Stored items:
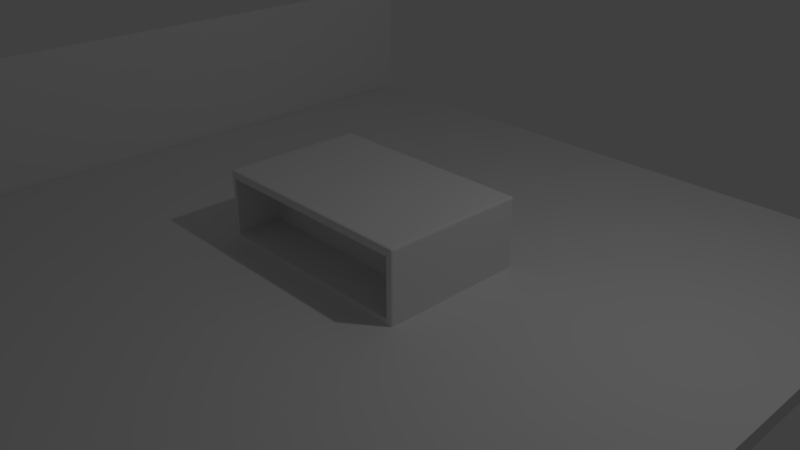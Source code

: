 # Source: tried.blend  (saved by Blender 2.78.0; exported with 4.5.12 LTS)
import bpy
from mathutils import Matrix  # noqa: F401  (used for matrix-valued properties, if any)

bpy.ops.wm.read_factory_settings(use_empty=True)
scene = bpy.context.scene
scene.name = 'Scene'

# ---- collections
col_collection_1 = bpy.data.collections.new('Collection 1'); scene.collection.children.link(col_collection_1)

# ---- materials (node trees are filled in below, after node groups)
mat_whitewall_001 = bpy.data.materials.new('whitewall.001')
mat_whitewall_001.alpha_threshold = 0.0
mat_whitewall_001.use_transparent_shadow = False
mat_whitewall_001.roughness = 0.5
mat_floor = bpy.data.materials.new('floor')
mat_floor.alpha_threshold = 0.0
mat_floor.use_transparent_shadow = False
mat_floor.preview_render_type = 'FLAT'
mat_floor.roughness = 0.5
mat_floor.specular_intensity = 0.0
mat_sharedmaterial = bpy.data.materials.new('SharedMaterial')
mat_sharedmaterial.alpha_threshold = 0.0
mat_sharedmaterial.use_transparent_shadow = False
mat_sharedmaterial.preview_render_type = 'FLAT'
mat_sharedmaterial.roughness = 0.5
mat_sharedmaterial.specular_intensity = 0.0
mat_floor_001 = bpy.data.materials.new('floor.001')
mat_floor_001.alpha_threshold = 0.0
mat_floor_001.use_transparent_shadow = False
mat_floor_001.roughness = 0.5

# ---- material node trees

# ---- world
world_world = bpy.data.worlds.new('World'); scene.world = world_world
world_world.color = (0.05088, 0.05088, 0.05088)
world_world.use_sun_shadow = False
world_world.sun_shadow_jitter_overblur = 0.0
world_world.cycles.sampling_method = 'MANUAL'

# ---- cameras
cam_camera = bpy.data.cameras.new('Camera')
cam_camera.clip_end = 100.0
cam_camera.lens = 35.0
cam_camera.sensor_width = 32.0
cam_camera.sensor_height = 18.0
cam_camera.ortho_scale = 7.314
cam_camera.dof.focus_distance = 0.0
cam_camera.dof.aperture_fstop = 128.0

# ---- lights
light_lamp = bpy.data.lights.new('Lamp', 'POINT')
light_lamp.transmission_factor = 0.0
light_lamp.cutoff_distance = 30.0
light_lamp.energy = 100.0
light_lamp.shadow_buffer_clip_start = 1.001
light_lamp.shadow_soft_size = 0.1
light_lamp.shadow_maximum_resolution = 0.006
light_lamp.use_absolute_resolution = True

# ---- meshes
me_plane_005 = bpy.data.meshes.new('Plane.005')
me_plane_005.from_pydata([(-1.0, -1.0, 0.0), (1.0, -1.0, 0.0), (-1.0, 1.0, 0.0), (1.0, 1.0, 0.0)], [], [(0, 1, 3, 2)])
_uv = me_plane_005.uv_layers.new(name='UVMap')
_uv.uv.foreach_set('vector', [1.0, 0.0, 1.0, 1.0, 0.0, 1.0, 0.0, 0.0])
me_plane_005.materials.append(mat_whitewall_001)
me_plane_005.use_remesh_preserve_volume = False
me_plane_005.use_remesh_preserve_attributes = False
me_plane_005.use_mirror_vertex_groups = False
me_plane_005.update()
me_mesh = bpy.data.meshes.new('Mesh')
me_mesh.from_pydata([(-4.961, 4.961, -0.1947), (-4.961, 2.451, -0.1947), (-2.451, 2.451, -0.1947), (-2.451, 4.961, -0.1947), (-4.961, 4.961, 0.03139), (-4.961, 2.451, 0.03139), (-2.451, 2.451, 0.03139), (-2.451, 4.961, 0.03139), (-2.451, 4.961, -0.1947), (-2.451, 2.451, -0.1947), (0.0588, 2.451, -0.1947), (0.0588, 4.961, -0.1947), (-2.451, 4.961, 0.03139), (-2.451, 2.451, 0.03139), (0.0588, 2.451, 0.03139), (0.0588, 4.961, 0.03139), (0.0588, 4.961, -0.1947), (0.0588, 2.451, -0.1947), (2.569, 2.451, -0.1947), (2.569, 4.961, -0.1947), (0.0588, 4.961, 0.03139), (0.0588, 2.451, 0.03139), (2.569, 2.451, 0.03139), (2.569, 4.961, 0.03139), (2.569, 4.961, -0.1947), (2.569, 2.451, -0.1947), (5.078, 2.451, -0.1947), (5.078, 4.961, -0.1947), (2.569, 4.961, 0.03139), (2.569, 2.451, 0.03139), (5.078, 2.451, 0.03139), (5.078, 4.961, 0.03139), (-4.961, 2.451, -0.1947), (-4.961, -0.0588, -0.1947), (-2.451, -0.0588, -0.1947), (-2.451, 2.451, -0.1947), (-4.961, 2.451, 0.03139), (-4.961, -0.0588, 0.03139), (-2.451, -0.0588, 0.03139), (-2.451, 2.451, 0.03139), (-2.451, 2.451, -0.1947), (-2.451, -0.0588, -0.1947), (0.0588, -0.0588, -0.1947), (0.0588, 2.451, -0.1947), (-2.451, 2.451, 0.03139), (-2.451, -0.0588, 0.03139), (0.0588, -0.0588, 0.03139), (0.0588, 2.451, 0.03139), (0.0588, 2.451, -0.1947), (0.0588, -0.0588, -0.1947), (2.569, -0.0588, -0.1947), (2.569, 2.451, -0.1947), (0.0588, 2.451, 0.03139), (0.0588, -0.0588, 0.03139), (2.569, -0.0588, 0.03139), (2.569, 2.451, 0.03139), (2.569, 2.451, -0.1947), (2.569, -0.0588, -0.1947), (5.078, -0.0588, -0.1947), (5.078, 2.451, -0.1947), (2.569, 2.451, 0.03139), (2.569, -0.0588, 0.03139), (5.078, -0.0588, 0.03139), (5.078, 2.451, 0.03139), (-4.961, -0.0588, -0.1947), (-4.961, -2.569, -0.1947), (-2.451, -2.569, -0.1947), (-2.451, -0.0588, -0.1947), (-4.961, -0.0588, 0.03139), (-4.961, -2.569, 0.03139), (-2.451, -2.569, 0.03139), (-2.451, -0.0588, 0.03139), (-2.451, -0.0588, -0.1947), (-2.451, -2.569, -0.1947), (0.0588, -2.569, -0.1947), (0.0588, -0.0588, -0.1947), (-2.451, -0.0588, 0.03139), (-2.451, -2.569, 0.03139), (0.0588, -2.569, 0.03139), (0.0588, -0.0588, 0.03139), (0.0588, -0.0588, -0.1947), (0.0588, -2.569, -0.1947), (2.569, -2.569, -0.1947), (2.569, -0.0588, -0.1947), (0.0588, -0.0588, 0.03139), (0.0588, -2.569, 0.03139), (2.569, -2.569, 0.03139), (2.569, -0.0588, 0.03139), (2.569, -0.0588, -0.1947), (2.569, -2.569, -0.1947), (5.078, -2.569, -0.1947), (5.078, -0.0588, -0.1947), (2.569, -0.0588, 0.03139), (2.569, -2.569, 0.03139), (5.078, -2.569, 0.03139), (5.078, -0.0588, 0.03139), (-4.961, -2.569, -0.1947), (-4.961, -5.078, -0.1947), (-2.451, -5.078, -0.1947), (-2.451, -2.569, -0.1947), (-4.961, -2.569, 0.03139), (-4.961, -5.078, 0.03139), (-2.451, -5.078, 0.03139), (-2.451, -2.569, 0.03139), (-2.451, -2.569, -0.1947), (-2.451, -5.078, -0.1947), (0.0588, -5.078, -0.1947), (0.0588, -2.569, -0.1947), (-2.451, -2.569, 0.03139), (-2.451, -5.078, 0.03139), (0.0588, -5.078, 0.03139), (0.0588, -2.569, 0.03139), (0.0588, -2.569, -0.1947), (0.0588, -5.078, -0.1947), (2.569, -5.078, -0.1947), (2.569, -2.569, -0.1947), (0.0588, -2.569, 0.03139), (0.0588, -5.078, 0.03139), (2.569, -5.078, 0.03139), (2.569, -2.569, 0.03139), (2.569, -2.569, -0.1947), (2.569, -5.078, -0.1947), (5.078, -5.078, -0.1947), (5.078, -2.569, -0.1947), (2.569, -2.569, 0.03139), (2.569, -5.078, 0.03139), (5.078, -5.078, 0.03139), (5.078, -2.569, 0.03139)], [], [(0, 3, 2, 1), (4, 5, 6, 7), (3, 0, 4, 7), (1, 2, 6, 5), (2, 3, 7, 6), (0, 1, 5, 4), (8, 11, 10, 9), (12, 13, 14, 15), (11, 8, 12, 15), (9, 10, 14, 13), (10, 11, 15, 14), (8, 9, 13, 12), (16, 19, 18, 17), (20, 21, 22, 23), (19, 16, 20, 23), (17, 18, 22, 21), (18, 19, 23, 22), (16, 17, 21, 20), (24, 27, 26, 25), (28, 29, 30, 31), (27, 24, 28, 31), (25, 26, 30, 29), (26, 27, 31, 30), (24, 25, 29, 28), (32, 35, 34, 33), (36, 37, 38, 39), (35, 32, 36, 39), (33, 34, 38, 37), (34, 35, 39, 38), (32, 33, 37, 36), (40, 43, 42, 41), (44, 45, 46, 47), (43, 40, 44, 47), (41, 42, 46, 45), (42, 43, 47, 46), (40, 41, 45, 44), (48, 51, 50, 49), (52, 53, 54, 55), (51, 48, 52, 55), (49, 50, 54, 53), (50, 51, 55, 54), (48, 49, 53, 52), (56, 59, 58, 57), (60, 61, 62, 63), (59, 56, 60, 63), (57, 58, 62, 61), (58, 59, 63, 62), (56, 57, 61, 60), (64, 67, 66, 65), (68, 69, 70, 71), (67, 64, 68, 71), (65, 66, 70, 69), (66, 67, 71, 70), (64, 65, 69, 68), (72, 75, 74, 73), (76, 77, 78, 79), (75, 72, 76, 79), (73, 74, 78, 77), (74, 75, 79, 78), (72, 73, 77, 76), (80, 83, 82, 81), (84, 85, 86, 87), (83, 80, 84, 87), (81, 82, 86, 85), (82, 83, 87, 86), (80, 81, 85, 84), (88, 91, 90, 89), (92, 93, 94, 95), (91, 88, 92, 95), (89, 90, 94, 93), (90, 91, 95, 94), (88, 89, 93, 92), (96, 99, 98, 97), (100, 101, 102, 103), (99, 96, 100, 103), (97, 98, 102, 101), (98, 99, 103, 102), (96, 97, 101, 100), (104, 107, 106, 105), (108, 109, 110, 111), (107, 104, 108, 111), (105, 106, 110, 109), (106, 107, 111, 110), (104, 105, 109, 108), (112, 115, 114, 113), (116, 117, 118, 119), (115, 112, 116, 119), (113, 114, 118, 117), (114, 115, 119, 118), (112, 113, 117, 116), (120, 123, 122, 121), (124, 125, 126, 127), (123, 120, 124, 127), (121, 122, 126, 125), (122, 123, 127, 126), (120, 121, 125, 124)])
me_mesh.polygons.foreach_set('use_smooth', [True] * 96)
_k = set([(0, 1), (0, 3), (0, 4), (1, 2), (1, 5), (2, 3), (2, 6), (3, 7), (4, 5), (4, 7), (5, 6), (6, 7), (8, 9), (8, 11), (8, 12), (9, 10), (9, 13), (10, 11), (10, 14), (11, 15), (12, 13), (12, 15), (13, 14), (14, 15), (16, 17), (16, 19), (16, 20), (17, 18), (17, 21), (18, 19), (18, 22), (19, 23), (20, 21), (20, 23), (21, 22), (22, 23), (24, 25), (24, 27), (24, 28), (25, 26), (25, 29), (26, 27), (26, 30), (27, 31), (28, 29), (28, 31), (29, 30), (30, 31), (32, 33), (32, 35), (32, 36), (33, 34), (33, 37), (34, 35), (34, 38), (35, 39), (36, 37), (36, 39), (37, 38), (38, 39), (40, 41), (40, 43), (40, 44), (41, 42), (41, 45), (42, 43), (42, 46), (43, 47), (44, 45), (44, 47), (45, 46), (46, 47), (48, 49), (48, 51), (48, 52), (49, 50), (49, 53), (50, 51), (50, 54), (51, 55), (52, 53), (52, 55), (53, 54), (54, 55), (56, 57), (56, 59), (56, 60), (57, 58), (57, 61), (58, 59), (58, 62), (59, 63), (60, 61), (60, 63), (61, 62), (62, 63), (64, 65), (64, 67), (64, 68), (65, 66), (65, 69), (66, 67), (66, 70), (67, 71), (68, 69), (68, 71), (69, 70), (70, 71), (72, 73), (72, 75), (72, 76), (73, 74), (73, 77), (74, 75), (74, 78), (75, 79), (76, 77), (76, 79), (77, 78), (78, 79), (80, 81), (80, 83), (80, 84), (81, 82), (81, 85), (82, 83), (82, 86), (83, 87), (84, 85), (84, 87), (85, 86), (86, 87), (88, 89), (88, 91), (88, 92), (89, 90), (89, 93), (90, 91), (90, 94), (91, 95), (92, 93), (92, 95), (93, 94), (94, 95), (96, 97), (96, 99), (96, 100), (97, 98), (97, 101), (98, 99), (98, 102), (99, 103), (100, 101), (100, 103), (101, 102), (102, 103), (104, 105), (104, 107), (104, 108), (105, 106), (105, 109), (106, 107), (106, 110), (107, 111), (108, 109), (108, 111), (109, 110), (110, 111), (112, 113), (112, 115), (112, 116), (113, 114), (113, 117), (114, 115), (114, 118), (115, 119), (116, 117), (116, 119), (117, 118), (118, 119), (120, 121), (120, 123), (120, 124), (121, 122), (121, 125), (122, 123), (122, 126), (123, 127), (124, 125), (124, 127), (125, 126), (126, 127)])
me_mesh.attributes.new('sharp_edge', 'BOOLEAN', 'EDGE').data.foreach_set('value', [ (min(e.vertices), max(e.vertices)) in _k for e in me_mesh.edges])
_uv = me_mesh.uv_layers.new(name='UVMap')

▸ **ACTIVITY**:
Return exactly the lines above from the line that has "world_world.cycles.sampling_method = 'MANUAL'" through the line that has "me_mesh = bpy.data.meshes.new('Mesh')", inclusive, and nothing else.

▸ **SOLUTION TO THIS PROBLEM**:
world_world.cycles.sampling_method = 'MANUAL'

# ---- cameras
cam_camera = bpy.data.cameras.new('Camera')
cam_camera.clip_end = 100.0
cam_camera.lens = 35.0
cam_camera.sensor_width = 32.0
cam_camera.sensor_height = 18.0
cam_camera.ortho_scale = 7.314
cam_camera.dof.focus_distance = 0.0
cam_camera.dof.aperture_fstop = 128.0

# ---- lights
light_lamp = bpy.data.lights.new('Lamp', 'POINT')
light_lamp.transmission_factor = 0.0
light_lamp.cutoff_distance = 30.0
light_lamp.energy = 100.0
light_lamp.shadow_buffer_clip_start = 1.001
light_lamp.shadow_soft_size = 0.1
light_lamp.shadow_maximum_resolution = 0.006
light_lamp.use_absolute_resolution = True

# ---- meshes
me_plane_005 = bpy.data.meshes.new('Plane.005')
me_plane_005.from_pydata([(-1.0, -1.0, 0.0), (1.0, -1.0, 0.0), (-1.0, 1.0, 0.0), (1.0, 1.0, 0.0)], [], [(0, 1, 3, 2)])
_uv = me_plane_005.uv_layers.new(name='UVMap')
_uv.uv.foreach_set('vector', [1.0, 0.0, 1.0, 1.0, 0.0, 1.0, 0.0, 0.0])
me_plane_005.materials.append(mat_whitewall_001)
me_plane_005.use_remesh_preserve_volume = False
me_plane_005.use_remesh_preserve_attributes = False
me_plane_005.use_mirror_vertex_groups = False
me_plane_005.update()
me_mesh = bpy.data.meshes.new('Mesh')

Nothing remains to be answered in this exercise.